The first team had partially cleared away the debris and had done the best they could to shore up the tunnel with odd pieces of timber which littered the workings. In the light of the lamps it looked none too safe and Frank voiced the opinion that a decent sneeze would bring the whole assembly down on top of them.

‘How much more do you reckon there is to move?' Lee Merriam asked one of his engineers.

‘It's not as bad as it looks,' the man answered, annoyed by Frank's comment and letting him see it. ‘The tunnel narrows beyond this point and the roof seems to have held. If we clear the entrance you should be able to get through without any problems.'

‘Famous last words,' Frank said dryly.

‘You try digging it out with your bare hands,' the engineer
came back at him hotly. ‘We've no powered equipment, no proper lighting—'

‘Okay, okay, boys,' Lee Merriam said placatingly. ‘This is difficult enough without squabbling; let's all just do the best we can and leave it at that.'

He went forward to inspect how the work was progressing, his large beefy face grim and determined in the light from the heavy-duty lamps. It suddenly occurred to Frank that Lee Merriam was so desperately keen to find a way through into the detection chamber that he wondered whether it was from a sense of duty or if there was an ulterior motive. Of course he was only doing his job, yet even so his anxiety seemed to be verging on the obsessional.

He came back and reported that it was almost clear, except for one or two boulders that were too big to be moved. ‘We'll have to squeeze past those,' he said, sucking in his stomach. ‘This is when I could do to be carrying thirty pounds less weight. The tunnel looks in reasonable condition from there on in – as far as we can see, anyway. Can you remember what it's like farther on? Do we keep to this tunnel or cut off into another?'

‘We keep to this one. It gets pretty narrow farther on.'

‘You do remember some of it,' Lee Merriam said. He watched Frank's face intently in the dim light.

‘Some,' Frank conceded.

‘There must be one helluva gradient if it drops to the level of the chamber.'

‘That's the part I can't recall. We'll come to some old workings and there's a large main tunnel leading off it the other side. From there we'll have to take it as it comes.'

‘That tremor must have really shook you up.'

Frank didn't reply. He looked to where the men were clearing the last of the rubble, partly obscured by dust which swirled in the beams of the lamps.

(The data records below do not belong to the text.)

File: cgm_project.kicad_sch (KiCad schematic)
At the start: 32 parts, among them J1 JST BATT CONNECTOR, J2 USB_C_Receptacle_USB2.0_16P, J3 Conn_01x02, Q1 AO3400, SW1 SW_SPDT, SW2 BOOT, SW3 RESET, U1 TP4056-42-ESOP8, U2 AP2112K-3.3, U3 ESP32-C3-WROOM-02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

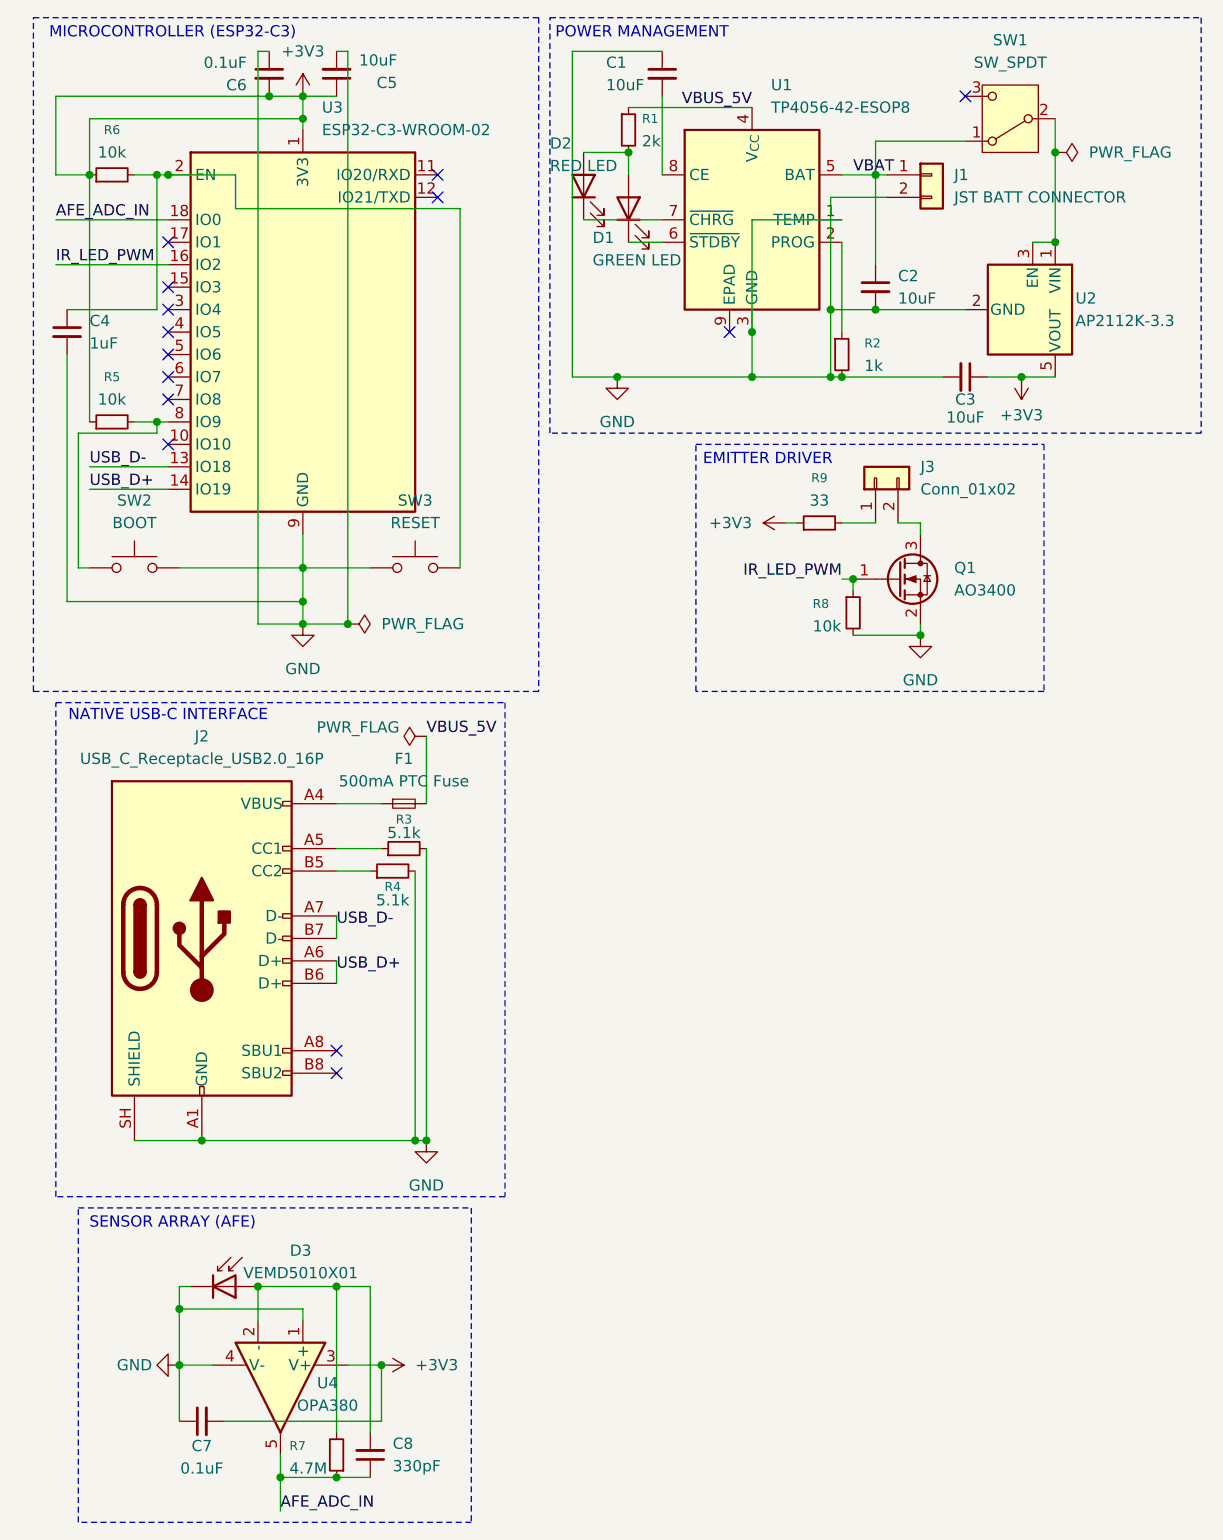
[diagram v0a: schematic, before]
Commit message: fix: resolve footprint pin mismatches for OPA380 and JST - Replace generic AFE opamp symbolw ith standard 8-pin alias, matching MSOP-8 package - Update wire harness connector to include mechanical pads for structural ground anchoring
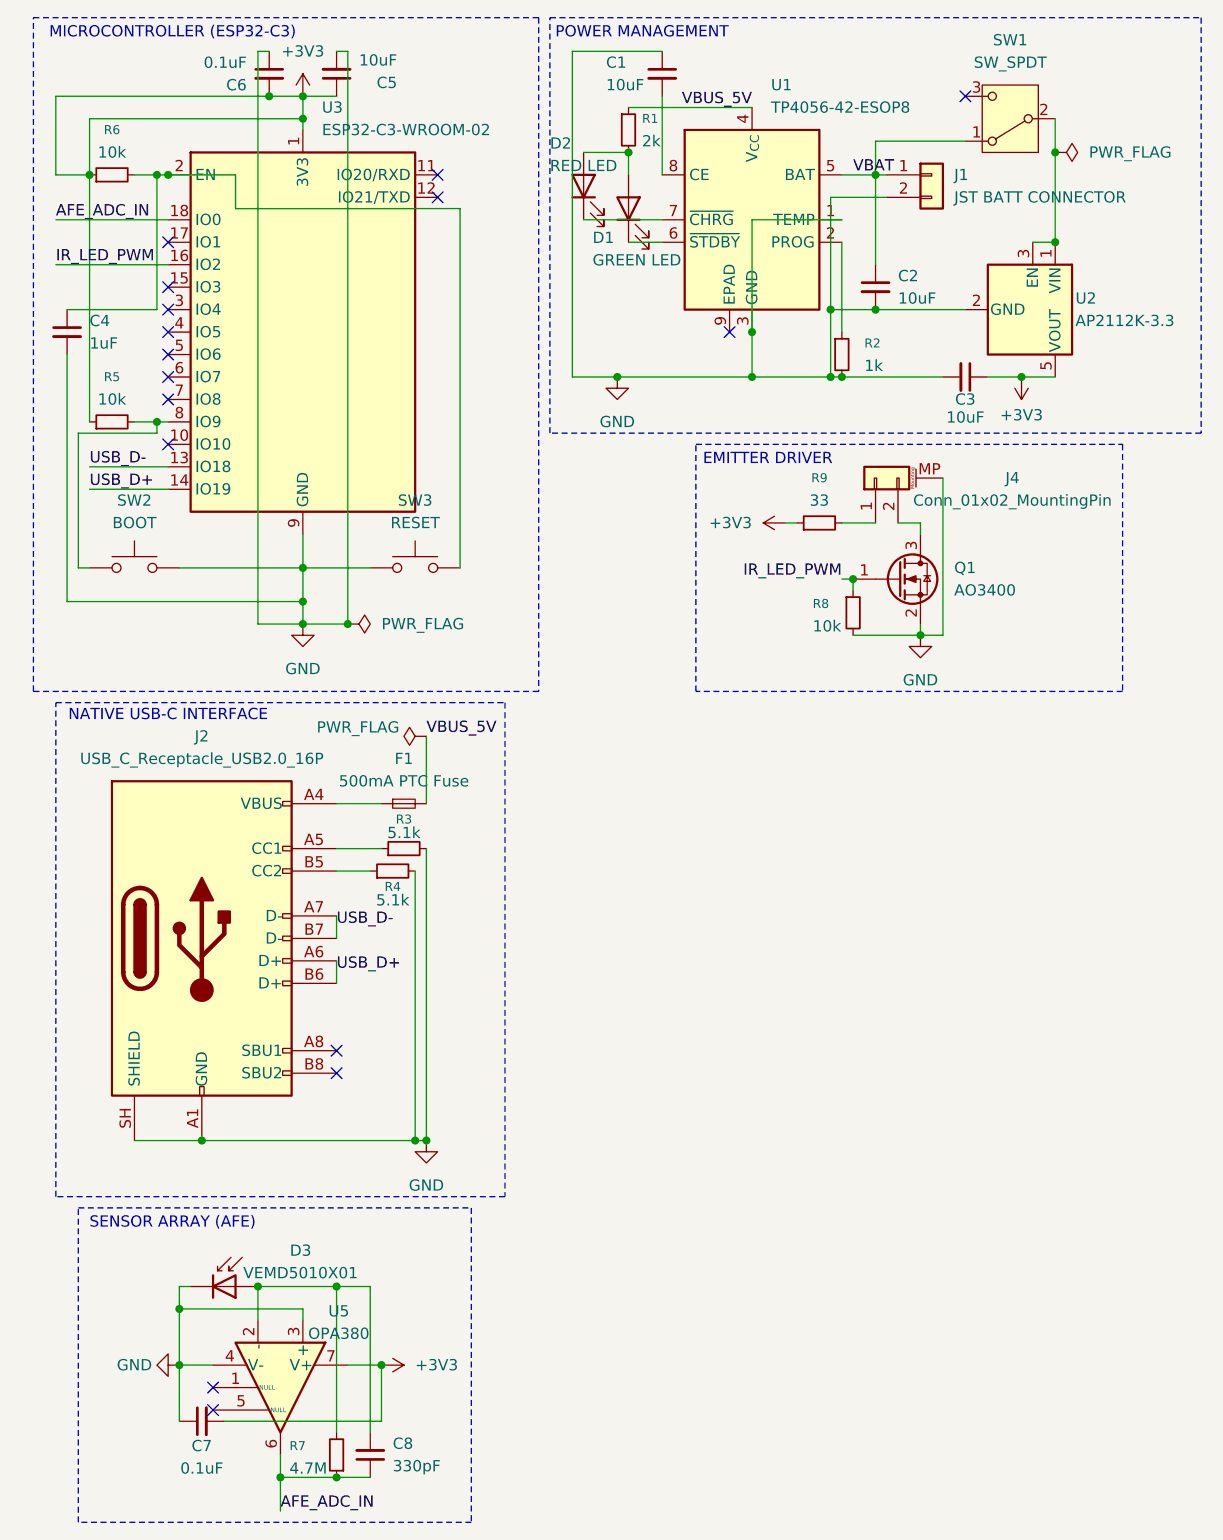
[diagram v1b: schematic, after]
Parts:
- removed J3: Conn_01x02, symbol Connector_Generic:Conn_01x02
- removed U4: OPA380, Package_SO:SOIC-8-1EP_3.9x4.9mm_P1.27mm_EP2.29x3mm, symbol Simulation_SPICE:OPAMP
- added J4: Conn_01x02_MountingPin, Connector_JST:JST_SH_SM02B-SRSS-TB_1x02-1MP_P1.00mm_Horizontal, symbol Connector_Generic_MountingPin:Conn_01x02_MountingPin
- added U5: OPA380, Package_SO:MSOP-8_3x3mm_P0.65mm, symbol Amplifier_Operational:TL071
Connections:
- net +3V3: now also U5.7 (V+)
- net AFE_ADC_IN: now also U5.6
- net GND: now also J4.MP (MountPin), U5.3 (+), U5.4 (V-)
- net at C8.2, D3.2 (A), R7.2: now also U5.2 (-)
- net at Q1.3 (D): now also J4.2 (Pin_2)
- net at R9.2: now also J4.1 (Pin_1)
- no-connect marks 14 -> 16
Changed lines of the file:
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@@
 	(rectangle
 		(start 90.17 63.5)
-		(end 129.54 91.44)
+		(end 138.43 91.44)
 		(stroke
 			(width 0)
@@
 	)
 	(no_connect
+		(at 35.56 170.18)
+	)
+	(no_connect
+		(at 35.56 172.72)
+	)
+	(no_connect
 		(at 120.65 24.13)
 	)
@@
 	(wire
 		(pts
+			(xy 118.11 85.09) (xy 115.57 85.09)
+		)
+		(stroke
+			(width 0)
+			(type default)
+		)
+	)
+	(wire
+		(pts
 			(xy 53.34 175.26) (xy 53.34 158.75)
 		)
@@
 	(wire
 		(pts
+			(xy 118.11 67.31) (xy 118.11 85.09)
+		)
+		(stroke
+			(width 0)
+			(type default)
+		)
+	)
+	(wire
+		(pts
 			(xy 107.95 85.09) (xy 115.57 85.09)
 		)
@@
 	)
 	(symbol
+		(lib_id "Amplifier_Operational:TL071")
+		(at 43.18 170.18 270)
+		(unit 1)
+		(body_style 1)
+		(exclude_from_sim no)
+		(in_bom yes)
+		(on_board yes)
+		(in_pos_files yes)
+		(dnp no)
+		(property "Reference" "U5"
+			(at 49.784 161.544 90)
+			(show_name no)
+			(do_not_autoplace no)
+			(effects
+				(font
+					(size 1.27 1.27)
+				)
+			)
+		)
+		(property "Value" "OPA380"
+			(at 49.784 164.084 90)
+			(show_name no)
+			(do_not_autoplace no)
+			(effects
+				(font
+					(size 1.27 1.27)
+				)
+			)
+		)
+		(property "Footprint" "Package_SO:MSOP-8_3x3mm_P0.65mm"
+			(at 44.45 171.45 0)
+			(hide yes)
+			(show_name no)
+			(do_not_autoplace no)
+			(effects
+				(font
+					(size 1.27 1.27)
+				)
+			)
+		)
+		(property "Datasheet" "http://www.ti.com/lit/ds/symlink/tl071.pdf"
+			(at 46.99 173.99 0)
+			(hide yes)
+			(show_name no)
+			(do_not_autoplace no)
+			(effects
+				(font
+					(size 1.27 1.27)
+				)
+			)
+		)
+		(property "Description" "Single Low-Noise JFET-Input Operational Amplifiers, DIP-8/SOIC-8"
+			(at 43.18 170.18 0)
+			(hide yes)
+			(show_name no)
+			(do_not_autoplace no)
+			(effects
+				(font
+					(size 1.27 1.27)
+				)
+			)
+		)
+		(pin "1"
+		)
+		(pin "5"
+		)
+		(pin "6"
+		)
+		(pin "8"
+		)
+		(pin "4"
+		)
+		(pin "7"
+		)
+		(pin "2"
+		)
+		(pin "3"
+		)
+		(instances
+			(project "cgm_project"
+				(path "/56312daa-544d-4a20-aa90-3dd296ddb5b0"
+					(reference "U5")
+					(unit 1)
+				)
+			)
+		)
+	)
+	(symbol
 		(lib_id "Device:LED")
 		(at 82.55 36.83 90)
@@
 	)
 	(symbol
-		(lib_id "Simulation_SPICE:OPAMP")
-		(at 43.18 170.18 270)
+		(lib_id "Device:R_Small")
+		(at 49.53 177.8 180)
 		(unit 1)
 		(body_style 1)
@@
 		(in_pos_files yes)
 		(dnp no)
-		(property "Reference" "U4"
-			(at 48.514 169.672 90)
-			(show_name no)
-			(do_not_autoplace no)
-			(effects
-				(font
-					(size 1.27 1.27)
-				)
-			)
-		)
-		(property "Value" "OPA380"
-			(at 48.514 172.212 90)
-			(show_name no)
-			(do_not_autoplace no)
-			(effects
-				(font
-					(size 1.27 1.27)
-				)
-			)
-		)
-		(property "Footprint" "Package_SO:SOIC-8-1EP_3.9x4.9mm_P1.27mm_EP2.29x3mm"
-			(at 43.18 170.18 0)
-			(hide yes)
-			(show_name no)
-			(do_not_autoplace no)
-			(effects
-				(font
-					(size 1.27 1.27)
-				)
-			)
-		)
-		(property "Datasheet" "https://ngspice.sourceforge.io/docs/ngspice-html-manual/manual.xhtml#sec__SUBCKT_Subcircuits"
-			(at 43.18 170.18 0)
-			(hide yes)
-			(show_name no)
-			(do_not_autoplace no)
-			(effects
-				(font
-					(size 1.27 1.27)
-				)
-			)
-		)
-		(property "Description" "Operational amplifier, single"
-			(at 43.18 170.18 0)
-			(hide yes)
+		(property "Reference" "R7"
+			(at 44.196 176.784 0)
 			(show_name no)
 			(do_not_autoplace no)
 			(effects
 				(font
-					(size 1.27 1.27)
+					(size 1.016 1.016)
 				)
+				(justify right)
 			)
 		)
-		(property "Sim.Pins" "1=in+ 2=in- 3=vcc 4=vee 5=out"
-			(at 43.18 170.18 0)
-			(hide yes)
+		(property "Value" "4.7M"
+			(at 44.196 179.324 0)
 			(show_name no)
 			(do_not_autoplace no)
@@
 					(size 1.27 1.27)
 				)
+				(justify right)
 			)
 		)
-		(property "Sim.Device" "SUBCKT"
-			(at 43.18 170.18 0)
+		(property "Footprint" "Resistor_SMD:R_0805_2012Metric"
+			(at 49.53 177.8 0)
 			(hide yes)
 			(show_name no)
@@
 					(size 1.27 1.27)
 				)
-				(justify left)
 			)
 		)
-		(property "Sim.Library" "${KICAD9_SYMBOL_DIR}/Simulation_SPICE.sp"
-			(at 43.18 170.18 0)
+		(property "Datasheet" ""
+			(at 49.53 177.8 0)
 			(hide yes)
 			(show_name no)
@@
 			)
 		)
-		(property "Sim.Name" "kicad_builtin_opamp"
-			(at 43.18 170.18 0)
+		(property "Description" "Resistor, small symbol"
+			(at 49.53 177.8 0)
 			(hide yes)
 			(show_name no)
@@
 		(pin "1"
 		)
-		(pin "5"
-		)
-		(pin "3"
-		)
 		(pin "2"
 		)
-		(pin "4"
-		)
 		(instances
 			(project "cgm_project"
 				(path "/56312daa-544d-4a20-aa90-3dd296ddb5b0"
-					(reference "U4")
+					(reference "R7")
 					(unit 1)
 				)
@@
 	)
 	(symbol
-		(lib_id "Device:R_Small")
-		(at 49.53 177.8 180)
+		(lib_id "Connector_Generic_MountingPin:Conn_01x02_MountingPin")
+		(at 110.49 67.31 90)
 		(unit 1)
 		(body_style 1)
@@
 		(in_pos_files yes)
 		(dnp no)
-		(property "Reference" "R7"
-			(at 44.196 176.784 0)
+		(property "Reference" "J4"
+			(at 125.984 67.31 90)
 			(show_name no)
 			(do_not_autoplace no)
 			(effects
 				(font
-					(size 1.016 1.016)
+					(size 1.27 1.27)
 				)
-				(justify right)
 			)
 		)
-		(property "Value" "4.7M"
-			(at 44.196 179.324 0)
+		(property "Value" "Conn_01x02_MountingPin"
+			(at 125.984 69.85 90)
 			(show_name no)
 			(do_not_autoplace no)
@@
 					(size 1.27 1.27)
 				)
-				(justify right)
 			)
 		)
-		(property "Footprint" "Resistor_SMD:R_0805_2012Metric"
-			(at 49.53 177.8 0)
+		(property "Footprint" "Connector_JST:JST_SH_SM02B-SRSS-TB_1x02-1MP_P1.00mm_Horizontal"
+			(at 110.49 67.31 0)
 			(hide yes)
 			(show_name no)
@@
 		)
 		(property "Datasheet" ""
-			(at 49.53 177.8 0)
+			(at 110.49 67.31 0)
 			(hide yes)
 			(show_name no)
@@
 			)
 		)
-		(property "Description" "Resistor, small symbol"
-			(at 49.53 177.8 0)
+		(property "Description" "Generic connectable mounting pin connector, single row, 01x02, script generated (kicad-library-utils/schlib/autogen/connector/)"
+			(at 110.49 67.31 0)
 			(hide yes)
 			(show_name no)
@@
 			)
 		)
-		(pin "1"
+		(pin "MP"
 		)
 		(pin "2"
 		)
+		(pin "1"
+		)
 		(instances
 			(project "cgm_project"
 				(path "/56312daa-544d-4a20-aa90-3dd296ddb5b0"
-					(reference "R7")
+					(reference "J4")
 					(unit 1)
 				)
@@
 					(unit 1)
 				)
-			)
-		)
-	)
-	(symbol
-		(lib_id "Connector_Generic:Conn_01x02")
-		(at 110.49 67.31 90)
-		(unit 1)
-		(body_style 1)
-		(exclude_from_sim no)
-		(in_bom yes)
-		(on_board yes)
-		(in_pos_files yes)
-		(dnp no)
-		(fields_autoplaced yes)
-		(property "Reference" "J3"
-			(at 115.57 66.0399 90)
-			(show_name no)
-			(do_not_autoplace no)
-			(effects
-				(font
-					(size 1.27 1.27)
-				)
-				(justify right)
-			)
-		)
-		(property "Value" "Conn_01x02"
-			(at 115.57 68.5799 90)
-			(show_name no)
-			(do_not_autoplace no)
-			(effects
-				(font
-					(size 1.27 1.27)
-				)
-				(justify right)
-			)
-		)
-		(property "Footprint" ""
-			(at 110.49 67.31 0)
-			(hide yes)
-			(show_name no)
-			(do_not_autoplace no)
-			(effects
-				(font
-					(size 1.27 1.27)
-				)
-			)
-		)
-		(property "Datasheet" ""
-			(at 110.49 67.31 0)
-			(hide yes)
-			(show_name no)
-			(do_not_autoplace no)
-			(effects
-				(font
-					(size 1.27 1.27)
-				)
-			)
-		)
-		(property "Description" "Generic connector, single row, 01x02, script generated (kicad-library-utils/schlib/autogen/connector/)"
-			(at 110.49 67.31 0)
-			(hide yes)
-			(show_name no)
-			(do_not_autoplace no)
-			(effects
-				(font
-					(size 1.27 1.27)
-				)
-			)
-		)
-		(pin "1"
-		)
-		(pin "2"
-		)
-		(instances
-			(project "cgm_project"
-				(path "/56312daa-544d-4a20-aa90-3dd296ddb5b0"
-					(reference "J3")
-					(unit 1)
-				)

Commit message: chore: switched to a double sided design - changed BOOT and RST to a more compact footpritn - moved all connectors and switches to front of board
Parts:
- SW2, SW3: footprint Button_Switch_SMD:SW_SPST_FSMSM -> Button_Switch_SMD:SW_SPST_B3U-1000P
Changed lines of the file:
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@@
 			)
 		)
-		(property "Footprint" "Button_Switch_SMD:SW_SPST_FSMSM"
+		(property "Footprint" "Button_Switch_SMD:SW_SPST_B3U-1000P"
 			(at 26.67 72.39 0)
 			(hide yes)
@@
 			)
 		)
-		(property "Footprint" "Button_Switch_SMD:SW_SPST_FSMSM"
+		(property "Footprint" "Button_Switch_SMD:SW_SPST_B3U-1000P"
 			(at 58.42 72.39 0)
 			(hide yes)

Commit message: chore: placement of decoupling resistors and capacitors on bottom of PCB
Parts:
- renumbered J4 to J3, U5 to U4
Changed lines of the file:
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@@
 		(in_pos_files yes)
 		(dnp no)
-		(property "Reference" "U5"
+		(property "Reference" "U4"
 			(at 49.784 161.544 90)
 			(show_name no)
@@
 			(project "cgm_project"
 				(path "/56312daa-544d-4a20-aa90-3dd296ddb5b0"
-					(reference "U5")
+					(reference "U4")
 					(unit 1)
 				)
@@
 		(in_pos_files yes)
 		(dnp no)
-		(property "Reference" "J4"
+		(property "Reference" "J3"
 			(at 125.984 67.31 90)
 			(show_name no)
@@
 			(project "cgm_project"
 				(path "/56312daa-544d-4a20-aa90-3dd296ddb5b0"
-					(reference "J4")
+					(reference "J3")
 					(unit 1)
 				)

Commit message: chore: add M2 mounting hole
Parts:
- added H1: MountingHole, MountingHole:MountingHole_2.2mm_M2, symbol Mechanical:MountingHole
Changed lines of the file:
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@@
+	)
+	(symbol
+		(lib_id "Mechanical:MountingHole")
+		(at 55.88 88.9 0)
+		(unit 1)
+		(body_style 1)
+		(exclude_from_sim no)
+		(in_bom no)
+		(on_board yes)
+		(in_pos_files yes)
+		(dnp no)
+		(fields_autoplaced yes)
+		(property "Reference" "H1"
+			(at 58.42 87.6299 0)
+			(show_name no)
+			(do_not_autoplace no)
+			(effects
+				(font
+					(size 1.27 1.27)
+				)
+				(justify left)
+			)
+		)
+		(property "Value" "MountingHole"
+			(at 58.42 90.1699 0)
+			(show_name no)
+			(do_not_autoplace no)
+			(effects
+				(font
+					(size 1.27 1.27)
+				)
+				(justify left)
+			)
+		)
+		(property "Footprint" "MountingHole:MountingHole_2.2mm_M2"
+			(at 55.88 88.9 0)
+			(hide yes)
+			(show_name no)
+			(do_not_autoplace no)
+			(effects
+				(font
+					(size 1.27 1.27)
+				)
+			)
+		)
+		(property "Datasheet" ""
+			(at 55.88 88.9 0)
+			(hide yes)
+			(show_name no)
+			(do_not_autoplace no)
+			(effects
+				(font
+					(size 1.27 1.27)
+				)
+			)
+		)
+		(property "Description" "Mounting Hole without connection"
+			(at 55.88 88.9 0)
+			(hide yes)
+			(show_name no)
+			(do_not_autoplace no)
+			(effects
+				(font
+					(size 1.27 1.27)
+				)
+			)
+		)
+		(instances
+			(project "cgm_project"
+				(path "/56312daa-544d-4a20-aa90-3dd296ddb5b0"
+					(reference "H1")
+					(unit 1)
+				)
+			)
+		)
 	)
 	(symbol

‘We're about set to go,' Lee Merriam said. ‘Do you want me to lead the way?'

‘No, I'll go first. There's a chance it'll come back to me if I recognize any of the features.' He smiled inwardly,
thinking that he would recognize the mirror-like black rock soon enough if he ever set eyes on it again. But he didn't expect the rock to be at the end of the tunnel as before: it had moved to the lower level, hadn't it? Assuming there was only one mysterious black rock in the Telluride Mine.

The engineer in charge of the clearing operation called out that it was now clear enough to proceed and added caustically that he hoped no one would sneeze as they went through.

The tunnel was as familiar to Frank as the recurrence of a bad dream. Without thinking about it he started counting the number of paces in his head, knowing that by the hundredth the four of them should have reached the small cavern with its shallow workings … and beyond that the tunnel where he had seen the reflection of his lamp signalling to him.

Lee Merriam was close behind, his breathing magnified by the confined space, and by an odd trick of the acoustics it seemed to be coming from some distance ahead – preceding them into the depths of the mountain.